Chama a atenção no documento a afirmação de que as “nações livres”, isto é, capitalistas, são regidas não só pela “liberdade, prosperidade e civilidade”, mas pelas “desigualdades”.

A “Ordem do dia alusiva ao 31 de março de 1964” – publicada no dia 30 de março de 2020 na página oficial do Ministério da Defesa, mas com data de 31, e assinada pelo ministro general Fernando Azevedo e Silva, e pelos comandantes do Exército, Marinha e Aeronáutica – pretende reescrever a história do Brasil e negar a existência do caráter ditatorial do regime inaugurado com o golpe civil-militar de 1º de abril de 1964 (iniciado com as movimentações de tropas no dia 31 de março).

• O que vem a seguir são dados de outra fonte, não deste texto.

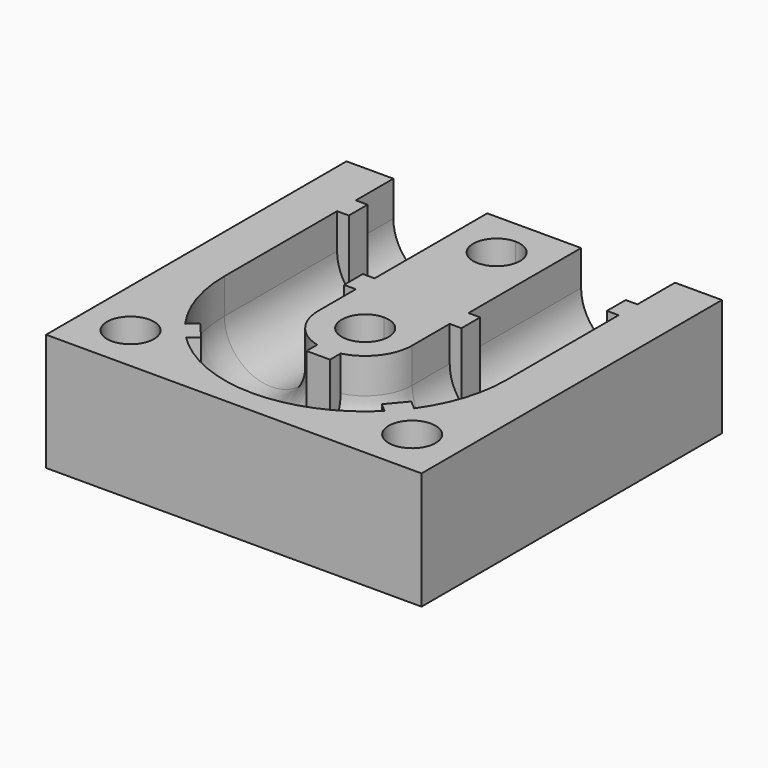
from build123d import *

# Parameters (mm, degrees)
F0_W      = 16
F0_H      = 16
F1_DEPTH  = 5
F2_W      = 2
F2_H      = 9
F3_DEPTH  = 1.5
F4_W      = 2
F4_H      = 9
F8_W      = 0.5
F8_H      = 1
F8_H_2    = 0.5
F9_DEPTH  = 5
F10_R     = 1
F11_DEPTH = 25


# Not quite as in the source:
# - a feature names something its author has since deleted; it is built from what else it names


with BuildPart() as f1:
    # F0 (on Top) → F1 (new body)
    with BuildSketch(Plane.XY):
        with Locations((-8, 8)):
            Rectangle(F0_W, F0_H)
    extrude(amount=F1_DEPTH)

    # F2 (on face) → F3 (cut)
    with BuildSketch(Plane.XY.offset(5)):
        with Locations((-13, 11.5)):
            Rectangle(F2_W, F2_H)
        with BuildLine():
            Line((-12, 7), (-14, 7))
            ThreePointArc((-14, 7), (-8, 1), (-2, 7))
            Line((-2, 7), (-4, 7))
            ThreePointArc((-4, 7), (-8, 3), (-12, 7))
        make_face()
        with BuildLine():
            Line((-10, 16), (-12, 16))
            Line((-12, 16), (-12, 7))
            ThreePointArc((-12, 7), (-8, 3), (-4, 7))
            Line((-4, 7), (-4, 16))
            Line((-4, 16), (-6, 16))
            Line((-6, 16), (-6, 7))
            ThreePointArc((-6, 7), (-8, 5), (-10, 7))
            Line((-10, 7), (-10, 16))
        make_face()
        with Locations((-3, 11.5)):
            Rectangle(F2_W, F2_H)
    extrude(amount=-F3_DEPTH, mode=Mode.SUBTRACT)

    # F4 (on face) → F5 (revolve, cut)
    with BuildSketch(Plane.XY.offset(3.5)):
        with Locations((-13, 11.5)):
            Rectangle(F4_W, F4_H)
    revolve(axis=Axis((-12, 11.5, 3.5), (0, -1, 0)), mode=Mode.SUBTRACT)

    # F6: sweep along a path in F6_path
    with BuildLine(Plane(origin=(-10, 7, 3.5), x_dir=(0, -1, 0), z_dir=(0, 0, -1))) as f6_path:
        ThreePointArc((0, 0), (2, -2), (0, -4))
    # F5_face (on face) → F6 (sweep, cut)
    with BuildSketch(Plane(origin=(-12, 7, 2.6511736368), x_dir=(-1, 0, 0), z_dir=(0, 1, 0))):
        with BuildLine():
            Line((2, 0.8488263632), (-2, 0.8488263632))
            ThreePointArc((-2, 0.8488263632), (0, -1.1511736368), (2, 0.8488263632))
        make_face()
    sweep(path=f6_path.line, mode=Mode.SUBTRACT)

    # F4 (on face) → F7 (revolve, cut)
    with BuildSketch(Plane.XY.offset(3.5)):
        with Locations((-3, 11.5)):
            Rectangle(F4_W, F4_H)
    revolve(axis=Axis((-4, 11.5, 3.5), (0, -1, 0)), mode=Mode.SUBTRACT)

    # F8 (on face) → F9 (join)
    with BuildSketch(Plane.XY.offset(5)):
        with Locations((-13.75, 13.5)):
            Rectangle(F8_W, F8_H)
        with Locations((-10.25, 9.5)):
            Rectangle(F8_W, F8_H)
        with Locations((-5.75, 9.5)):
            Rectangle(F8_W, F8_H)
        with Locations((-2.25, 13.5)):
            Rectangle(F8_W, F8_H)
        with BuildLine():
            Line((-12.4976444751, 3.8310784478), (-12.8785175711, 3.5071406687))
            ThreePointArc((-12.8785175711, 3.5071406687), (-12.570477152, 3.1127466505), (-12.2306420128, 2.7453944767))
            Line((-12.2306420128, 2.7453944767), (-11.8497689168, 3.0693322558))
            Line((-11.8497689168, 3.0693322558), (-12.4976444751, 3.8310784478))
        make_face()
        with BuildLine():
            ThreePointArc((-3.7693579872, 2.7453944767), (-3.429522848, 3.1127466505), (-3.1214824289, 3.5071406687))
            Line((-3.1214824289, 3.5071406687), (-3.5023555249, 3.8310784478))
            Line((-3.5023555249, 3.8310784478), (-4.1502310832, 3.0693322558))
            Line((-4.1502310832, 3.0693322558), (-3.7693579872, 2.7453944767))
        make_face()
        with Locations((-8.25, 4.75)):
            Rectangle(F8_W, F8_H_2)
        with Locations((-7.75, 4.75)):
            Rectangle(F8_W, F8_H_2)
        with Locations((-8.25, 5.25)):
            Rectangle(F8_W, F8_H_2)
        with Locations((-7.75, 5.25)):
            Rectangle(F8_W, F8_H_2)
    extrude(amount=-F9_DEPTH)

    # F10 (on face) → F11 (cut)
    with BuildSketch(Plane.XY.offset(5)):
        with BuildLine():
            ThreePointArc((-7, 14), (-7.2928932188, 14.7071067812), (-8, 15))
            Line((-8, 15), (-8, 13))
            ThreePointArc((-8, 13), (-7.2928932188, 13.2928932188), (-7, 14))
        make_face()
        with BuildLine():
            Line((-8, 13), (-8, 15))
            ThreePointArc((-8, 15), (-9, 14), (-8, 13))
        make_face()
        with BuildLine():
            Line((-8, 8), (-8, 6))
            ThreePointArc((-8, 6), (-7.2928932188, 6.2928932188), (-7, 7))
            ThreePointArc((-7, 7), (-7.2928932188, 7.7071067812), (-8, 8))
        make_face()
        with BuildLine():
            ThreePointArc((-8, 8), (-9, 7), (-8, 6))
            Line((-8, 6), (-8, 8))
        make_face()
        with Locations((-14, 2)):
            Circle(F10_R)
        with Locations((-2, 2)):
            Circle(F10_R)
    extrude(amount=-F11_DEPTH, mode=Mode.SUBTRACT)


solid = f1.part

A “Ordem do Dia” se inicia com a seguinte frase: “O Movimento de 1964 é um marco para a democracia brasileira. O Brasil reagiu com determinação às ameaças que se formavam àquela época”. E termina com as seguintes afirmações: “Os países que cederam às promessas de sonhos utópicos ainda lutam para recuperar a liberdade, a prosperidade, as desigualdades e a civilidade que rege [sic] as nações livres” e “O Movimento de 1964 é um marco para a democracia brasileira. Muito mais pelo que evitou”.

A pesquisa histórica sobre o período já demonstrou, de maneira absolutamente convincente e categórica, que o discurso dos comandantes militares, de que o “movimento de 1964” foi uma ação para “salvar a democracia contra o comunismo” não se sustenta. O golpe de Estado de 1964, como se sabe, inaugurou uma ditadura militar que durou duas décadas.

Em um governo, como o atual, de um presidente de extrema-direita que também nega o caráter ditatorial do regime inaugurado em abril de 1964, os comandantes militares querem negar fatos históricos. Mas não são eles que escrevem a História.

Chama a atenção, no documento, entre outras, a afirmação de que as “nações livres”, isto é, capitalistas, são regidas não só pela “liberdade, prosperidade e civilidade”, mas pelas “desigualdades”. Eis o reconhecimento, na escolha da palavra “desigualdades”, de uma verdade factual.

Na “Ordem do Dia” do Ministério da Defesa, de maneira reveladora, as “desigualdades” devem ser almejadas pelos países sem liberdade, ou seja, aqueles governados por partidos comunistas, conforme a retórica dos comandantes militares. É um reconhecimento, intencional ou não, de que conciliar a luta pelas liberdades com a luta pelas igualdades é o que caracteriza as esquerdas democráticas.

Às direitas, fica a aceitação – e mesmo a defesa – das desigualdades, junto com as falsas liberdades, porque restritas a uma parcela absolutamente minoritária da sociedade.

*Kátia Gerab Baggio é historiadora e professora de História das Américas na Universidade Federal de Minas Gerais (UFMG).

Referência

A “Ordem do dia alusiva ao 31 de março de 1964” pode ser acessada neste link.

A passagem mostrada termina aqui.